[EXERCISE REQUIREMENTS]
For each line in the data below that has the word "construction", copy that line.

TASK MATERIAL START

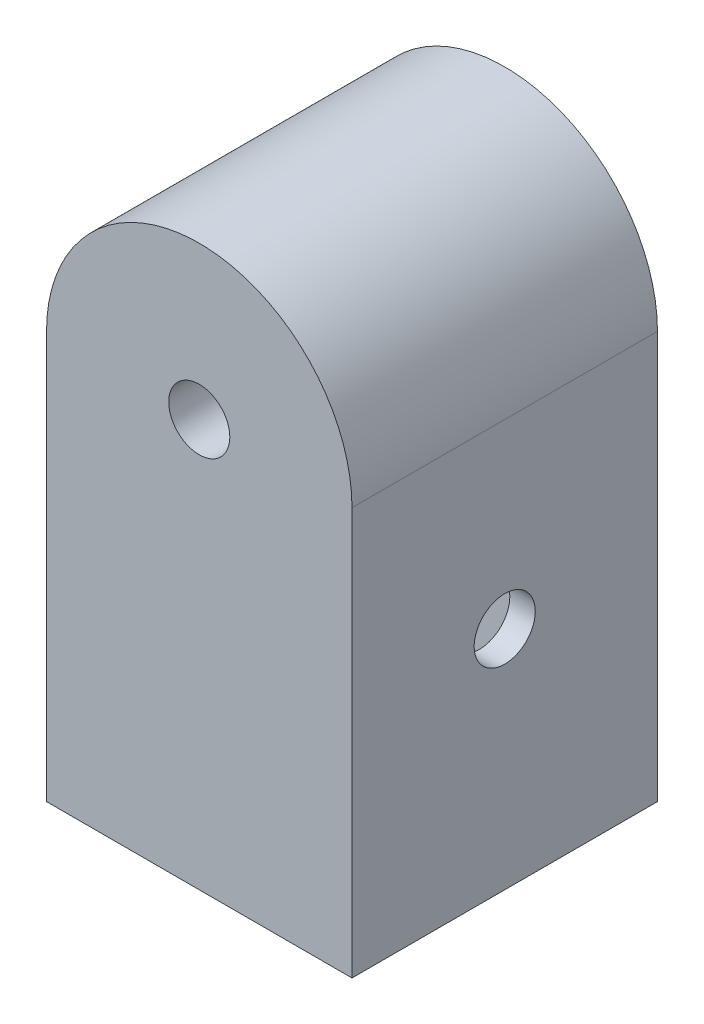
SolidWorks part; units mm, degrees
ref_plane "Front Plane" through (0, 0, 0) normal (0, 0, 1) x (1, 0, 0)
ref_plane "Top Plane" through (0, 0, 0) normal (0, 1, 0) x (1, 0, 0)
ref_plane "Right Plane" through (0, 0, 0) normal (1, 0, 0) x (0, 0, -1)
sketch "Sketch1" plane through (0, 0, 0) normal (0, 1, 0) x (1, 0, 0)
  line L1 (-7.5, 7.5) -> (7.5, 7.5)
  line L2 (-7.5, 7.5) -> (-7.5, -7.5)
  line L3 (-7.5, -7.5) -> (7.5, -7.5)
  line L4 (7.5, 7.5) -> (7.5, -7.5)
  line L5 (-7.5, 7.5) -> (7.5, -7.5) construction
  line L6 (-7.5, -7.5) -> (7.5, 7.5) construction
  point P0 (0, 0)
  dimension "D1" = 15
  dimension "D2" = 15
extrude "Boss-Extrude1" add sketch "Sketch1" along normal blind 20
sketch "Sketch2" plane through (0, 20, 0) normal (0, 1, 0) x (1, 0, 0)
  line L1 (-6.25, 6.25) -> (6.25, 6.25)
  line L2 (-6.25, 6.25) -> (-6.25, -6.25)
  line L3 (-6.25, -6.25) -> (6.25, -6.25)
  line L4 (6.25, 6.25) -> (6.25, -6.25)
  line L5 (-6.25, 6.25) -> (6.25, -6.25) construction
  line L6 (-6.25, -6.25) -> (6.25, 6.25) construction
  point P0 (0, 0)
  dimension "D1" = 12.5
  dimension "D2" = 12.5
extrude "Cut-Extrude1" cut sketch "Sketch2" against normal up to surface (17 mm away) from offset 3 up to face at (0, 0, 0) offset against normal yes
sketch "Sketch5" plane through (0, 0, -7.5) normal (0, 0, -1) x (-1, 0, 0)
  line L0 (-7.5, 20) -> (7.5, 20)
  arc A0 (7.5, 20) -> (-7.5, 20) centre (0, 20) ccw
  dimension "D1" = 7.5
extrude "Boss-Extrude3" add sketch "Sketch5" against normal through all
sketch "Sketch6" plane through (7.5, 0, 0) normal (1, 0, 0) x (0, 0, -1)
  circle A0 centre (0, 11.0969) radius 1.5
  dimension "D1" = 3
extrude "Cut-Extrude2" cut sketch "Sketch6" against normal through all
sketch "Sketch7" plane through (0, 0, 7.5) normal (0, 0, 1) x (1, 0, 0)
  circle A0 centre (0, 20) radius 1.5
  dimension "D1" = 3
extrude "Cut-Extrude3" cut sketch "Sketch7" against normal through all
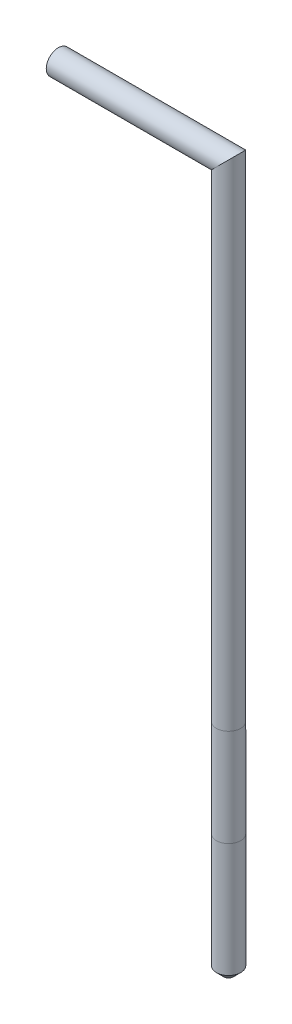
SolidWorks part; units mm, degrees
material "AISI 1020"
ref_plane "Спереди" through (0, 0, 0) normal (0, 0, 1) x (1, 0, 0)
ref_plane "Сверху" through (0, 0, 0) normal (0, 1, 0) x (1, 0, 0)
ref_plane "Справа" through (0, 0, 0) normal (1, 0, 0) x (0, 0, -1)
sketch "Эскиз1" plane through (0, 0, 0) normal (0, 0, 1) x (1, 0, 0)
  line L0 (0, 0) -> (0, 40)
  line L1 (10, 40) -> (-10, 40) construction
  line L2 (0, 40) -> (0, 240)
  line L3 (0, 240) -> (-70, 240)
  line L4 (0, 0) -> (0, -50)
  line L5 (-482.5, 0) -> (512.5, 0) construction
  line L6 (6, 230) -> (-6, 230) construction
  dimension "D1" = 50
  dimension "D2" = 10
  dimension "D3" = 70
ref_plane "Плоскость1" through (0, -50, 0) normal (0, 1, 0) x (1, 0, 0)
sketch "Эскиз2" plane through (0, -50, 0) normal (0, 1, 0) x (1, 0, 0)
  circle A0 centre (0, 0) radius 5
  dimension "D1" = 10
sweep "По траектории1" add profiles "Эскиз2" path "Эскиз1"
chamfer "Фаска1" distance 3 angle 45 1 edges at (0, -50, 5)

TASK MATERIAL END

[SOLUTION FOR THIS EXERCISE]
  line L5 (-7.5, 7.5) -> (7.5, -7.5) construction
  line L6 (-7.5, -7.5) -> (7.5, 7.5) construction
  line L5 (-6.25, 6.25) -> (6.25, -6.25) construction
  line L6 (-6.25, -6.25) -> (6.25, 6.25) construction
  line L1 (10, 40) -> (-10, 40) construction
  line L5 (-482.5, 0) -> (512.5, 0) construction
  line L6 (6, 230) -> (-6, 230) construction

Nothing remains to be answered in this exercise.